You can uninstall Sun ONE Grid Engine software, either from individual S1GEEE execution hosts, or from all hosts in the S1GEEE grid, including the S1GEEE master host.

Note - You cannot uninstall only the S1GEEE master host, since it is not possible to operate S1GEEE execution hosts without an S1GEEE master host.

After you have uninstalled an S1GEEE execution host, Sun Fire V60x Compute Grid tasks are no longer sent to that node for execution. However, the other installed modules, such as Inventory, Health, and Performance, continue to operate as before. Any other software that has been installed on that system should also continue to operate normally.

Uninstalling One or More Sun ONE Grid Engine Execution Hosts

1. In the Cluster Grid Manager main window, click on the Grid Engine module menu item in the left-hand menu.

A drop-down menu of choices for the Grid Engine module appears.

2. Click on Uninstall Nodes.

3. Select one or more nodes from which to uninstall S1GEEE software.

4. Ensure that no jobs are running on the systems to be uninstalled.

Refer to Sun Grid Engine, Enterprise Edition 5.3 Administration and User's Guide (816-4739) for instructions on managing queues.

Note - Any jobs that are currently running on the nodes that you have selected for uninstall are terminated. If the jobs are marked as "re-runnable", they are automatically resubmitted to the S1GEEE grid for execution elsewhere. However, if they are marked as "not re-runnable," then they are not rescheduled and are not automatically run elsewhere. For more information, S1GEEE documentation can be accessed with the Cluster Grid Manager help button.

5. Click on Uninstall.

The S1GEEE software is shutdown and removed from the selected systems, and the S1GEEE master host is instructed to remove those execution hosts from the S1GEEE system.

Uninstalling the Entire Sun ONE Grid Engine

1. In the Cluster Grid Manager main window, click on the Grid Engine module menu item in the left-hand menu.

A drop-down menu of choices for the Grid Engine module appears.

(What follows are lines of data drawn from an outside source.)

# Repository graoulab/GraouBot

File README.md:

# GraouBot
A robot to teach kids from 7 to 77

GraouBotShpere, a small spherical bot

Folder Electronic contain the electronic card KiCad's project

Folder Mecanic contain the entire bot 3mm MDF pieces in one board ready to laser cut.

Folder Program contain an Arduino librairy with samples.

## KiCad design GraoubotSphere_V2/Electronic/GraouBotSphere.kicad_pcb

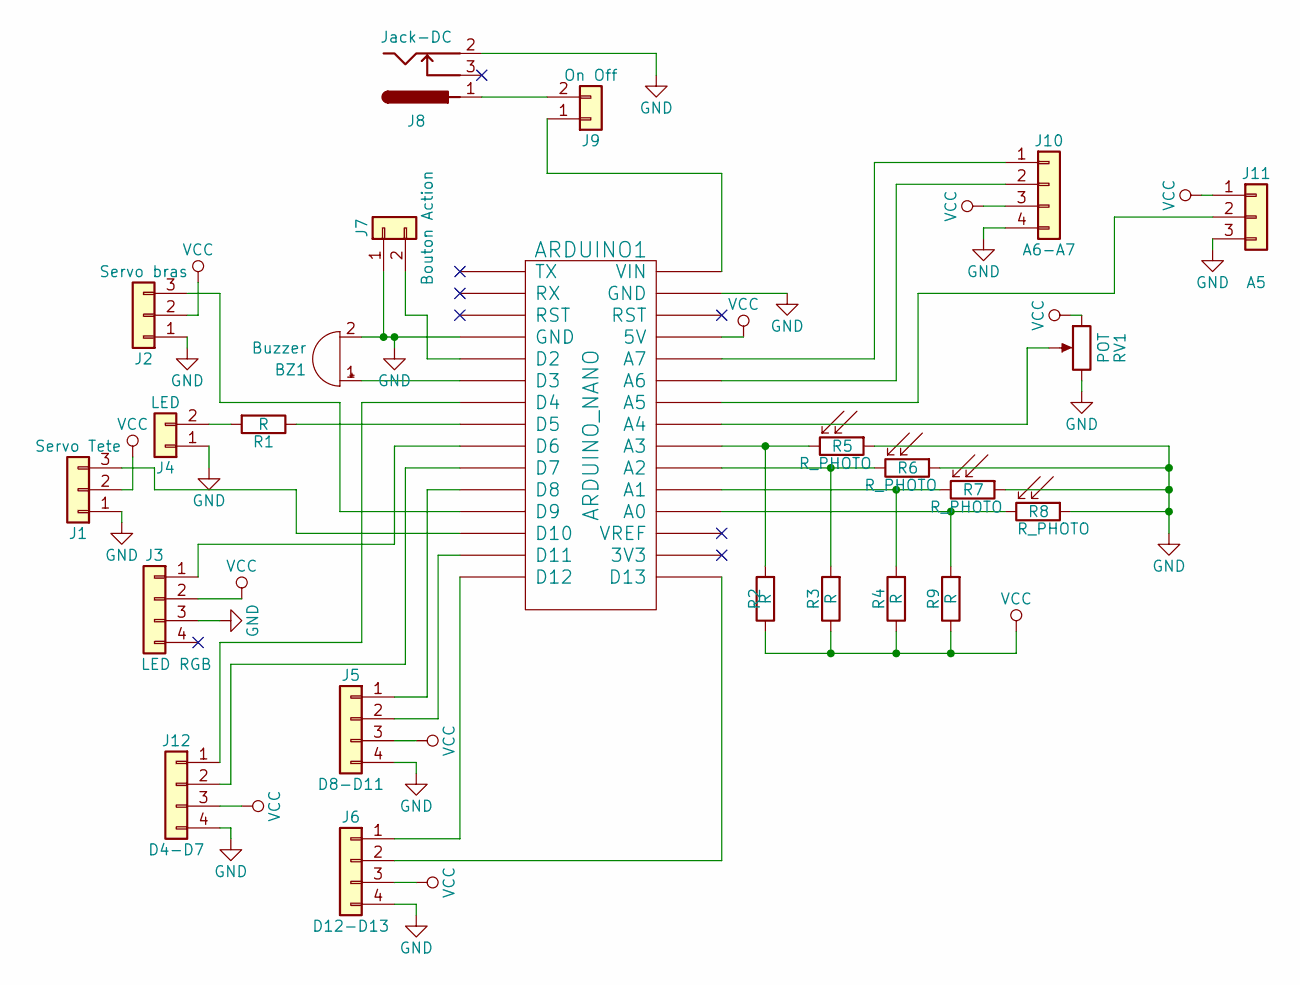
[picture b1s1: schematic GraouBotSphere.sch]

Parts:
ARDUINO1: ARDUINO_NANO; Arduino_Nano
BZ1: Buzzer; Buzzer_12x9.5RM7.6
J1: Servo Tete; Pin_Header_Straight_1x03_Pitch2.54mm
J2: Servo bras; Pin_Header_Straight_1x03_Pitch2.54mm
J3: LED RGB; Pin_Header_Straight_1x04_Pitch2.54mm
J4: LED; Pin_Header_Straight_1x02_Pitch2.54mm
J5: D8-D11; Pin_Header_Straight_1x04_Pitch2.54mm
J6: D12-D13; Pin_Header_Straight_1x04_Pitch2.54mm
J7: Bouton Action; SW_Tactile_SPST_Angled_PTS645Vx83-2LFS
J8: Jack-DC; JACK_ALIM
J9: On Off; SW_CuK_OS102011MA1QN1_SPDT_Angled
J10: A6-A7; Pin_Header_Straight_1x04_Pitch2.54mm
J11: A5; Pin_Header_Straight_1x03_Pitch2.54mm
J12: D4-D7; Pin_Header_Straight_1x04_Pitch2.54mm
R1, R2, R3, R4, R9: R; R_1206_HandSoldering
R5, R6, R7, R8: R_PHOTO; Resistor_LDR_4.9x4.2_RM2.54
RV1: POT; Potentiometer_Bourns_PTV09A-2_Vertical

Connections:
GND: ARDUINO1.4 (GND), ARDUINO1.29 (GND), BZ1.2 (+), J1.1, J2.1, J3.3, J4.1, J5.4, J6.4, J7.1, J8.2, J10.4, J11.3, J12.4, R5.1, R6.1, R7.1, R8.1, RV1.3; also elsewhere on the board
unnamed: ARDUINO1.5 (D2), J7.2
unnamed: ARDUINO1.6 (D3), BZ1.1 (-)
unnamed: ARDUINO1.7 (D4), J12.1
unnamed: ARDUINO1.8 (D5), R1.1
unnamed: ARDUINO1.9 (D6), J3.1
unnamed: ARDUINO1.10 (D7), J12.2
unnamed: ARDUINO1.11 (D8), J5.1
unnamed: ARDUINO1.12 (D9), J2.3
unnamed: ARDUINO1.13 (D10), J1.3
unnamed: ARDUINO1.14 (D11), J5.2
unnamed: ARDUINO1.15 (D12), J6.1
unnamed: ARDUINO1.16 (D13), J6.2
unnamed: ARDUINO1.19 (A0), R8.2, R9.2
unnamed: ARDUINO1.20 (A1), R4.2, R7.2
unnamed: ARDUINO1.21 (A2), R3.2, R6.2
unnamed: ARDUINO1.22 (A3), R2.2, R5.2
unnamed 17: ARDUINO1.23 (A4), RV1.2; also elsewhere on the board
unnamed: ARDUINO1.24 (A5), J11.2
unnamed: ARDUINO1.25 (A6), J10.2
unnamed: ARDUINO1.26 (A7), J10.1
unnamed: ARDUINO1.30 (VIN), J9.1
unnamed: J4.2, R1.2
unnamed: J8.1, J9.2
VCC: ARDUINO1.27 (5V), J1.2, J2.2, J3.2, J5.3, J6.3, J10.3, J11.1, J12.3, R2.1, R3.1, R4.1, R9.1, RV1.1; also elsewhere on the board

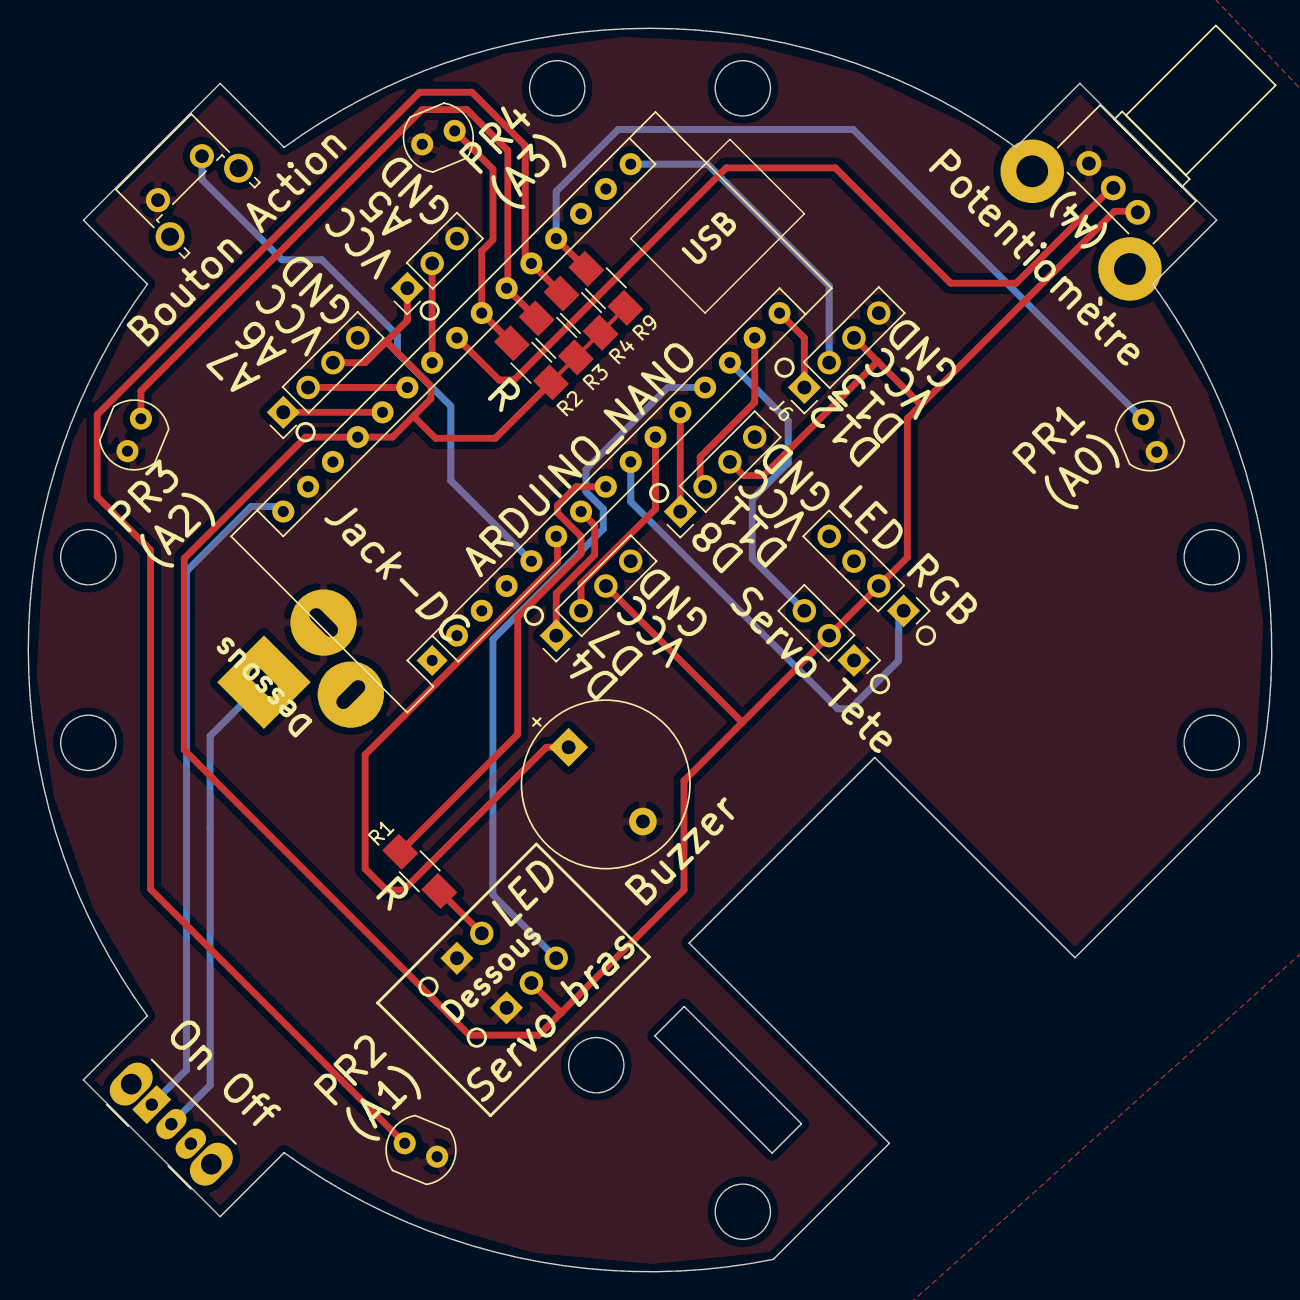
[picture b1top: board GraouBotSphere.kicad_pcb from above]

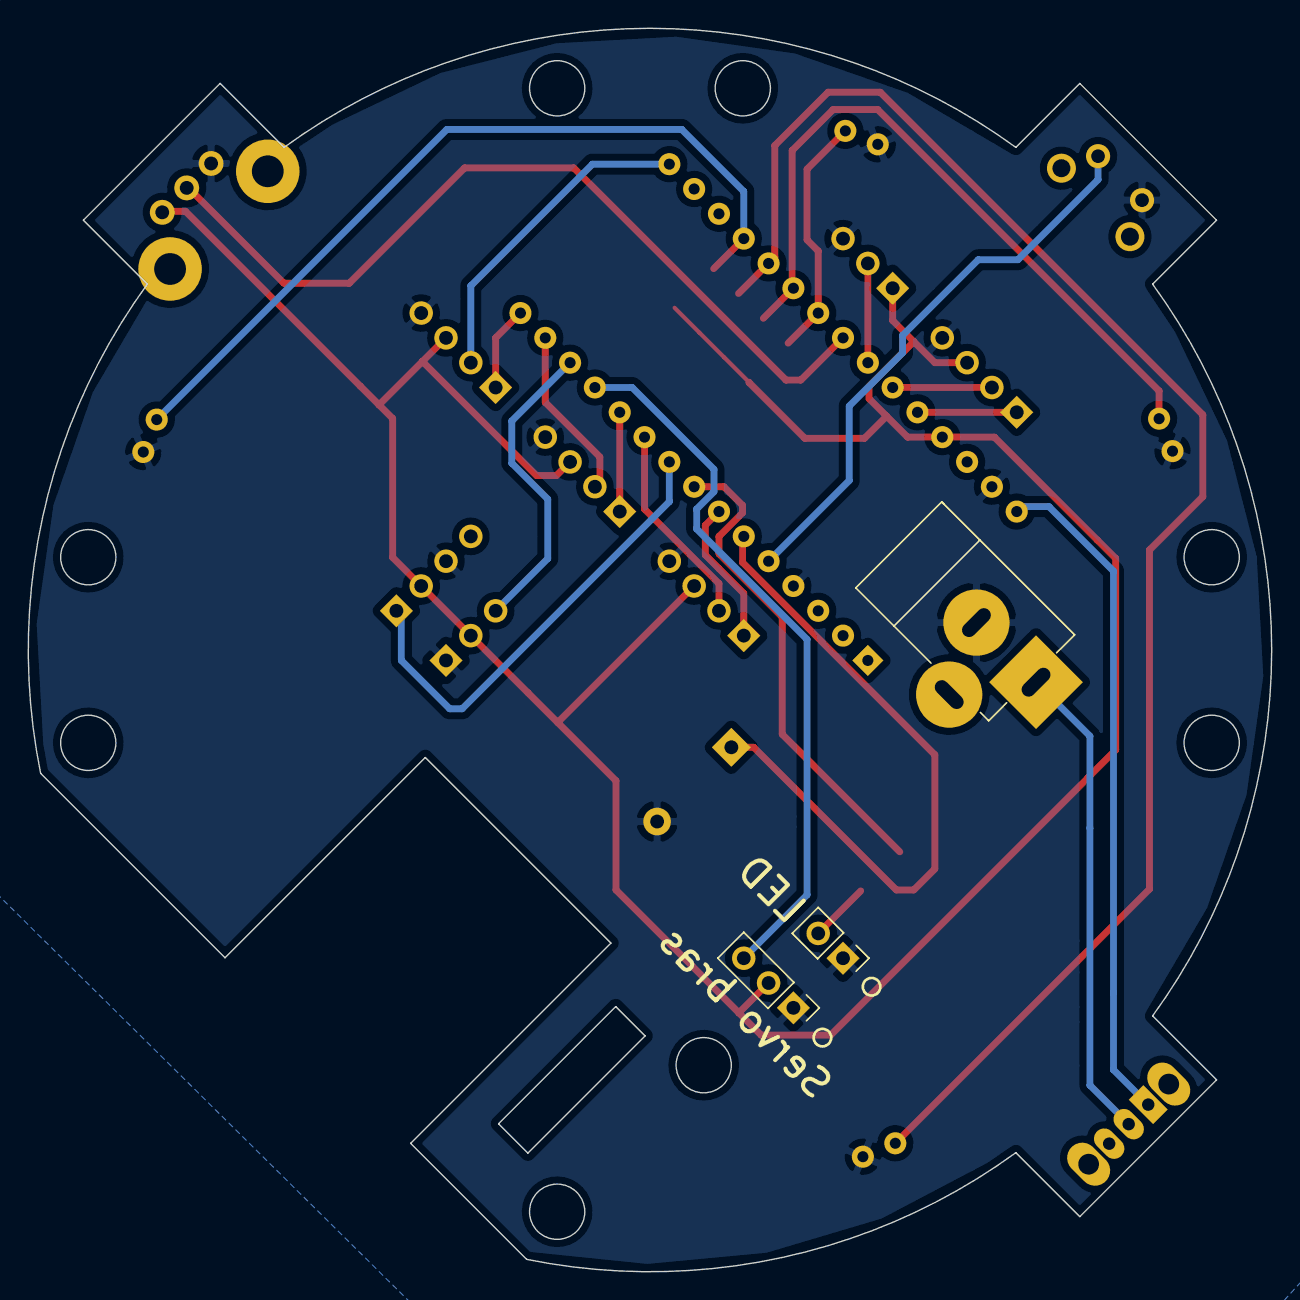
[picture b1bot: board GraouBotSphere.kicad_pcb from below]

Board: 2 copper layers, 90.0 x 90.0 mm, 24 parts (3 on the bottom side), 25 nets.

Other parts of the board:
Potentiomètre: POT; Potentiometer_Bourns_PTV09A-2_Vertical

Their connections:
GND: Potentiomètre.3; also elsewhere on the board
unnamed 17: Potentiomètre.2; also elsewhere on the board
VCC: Potentiomètre.1; also elsewhere on the board

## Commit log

2018-03-18 GraoubotSphere V2
    GraoubotSphere V2
    First comit

2. Click on Uninstall Everything.

Note - Do not go to the next step until you are certain that you want to terminate all running jobs and remove all record of previous jobs.

3. Click on Uninstall.

This immediately terminates all running jobs, removes all S1GEEE software from all nodes in the S1GEEE, and removes all record of previously run jobs and all record of S1GEEE utilization.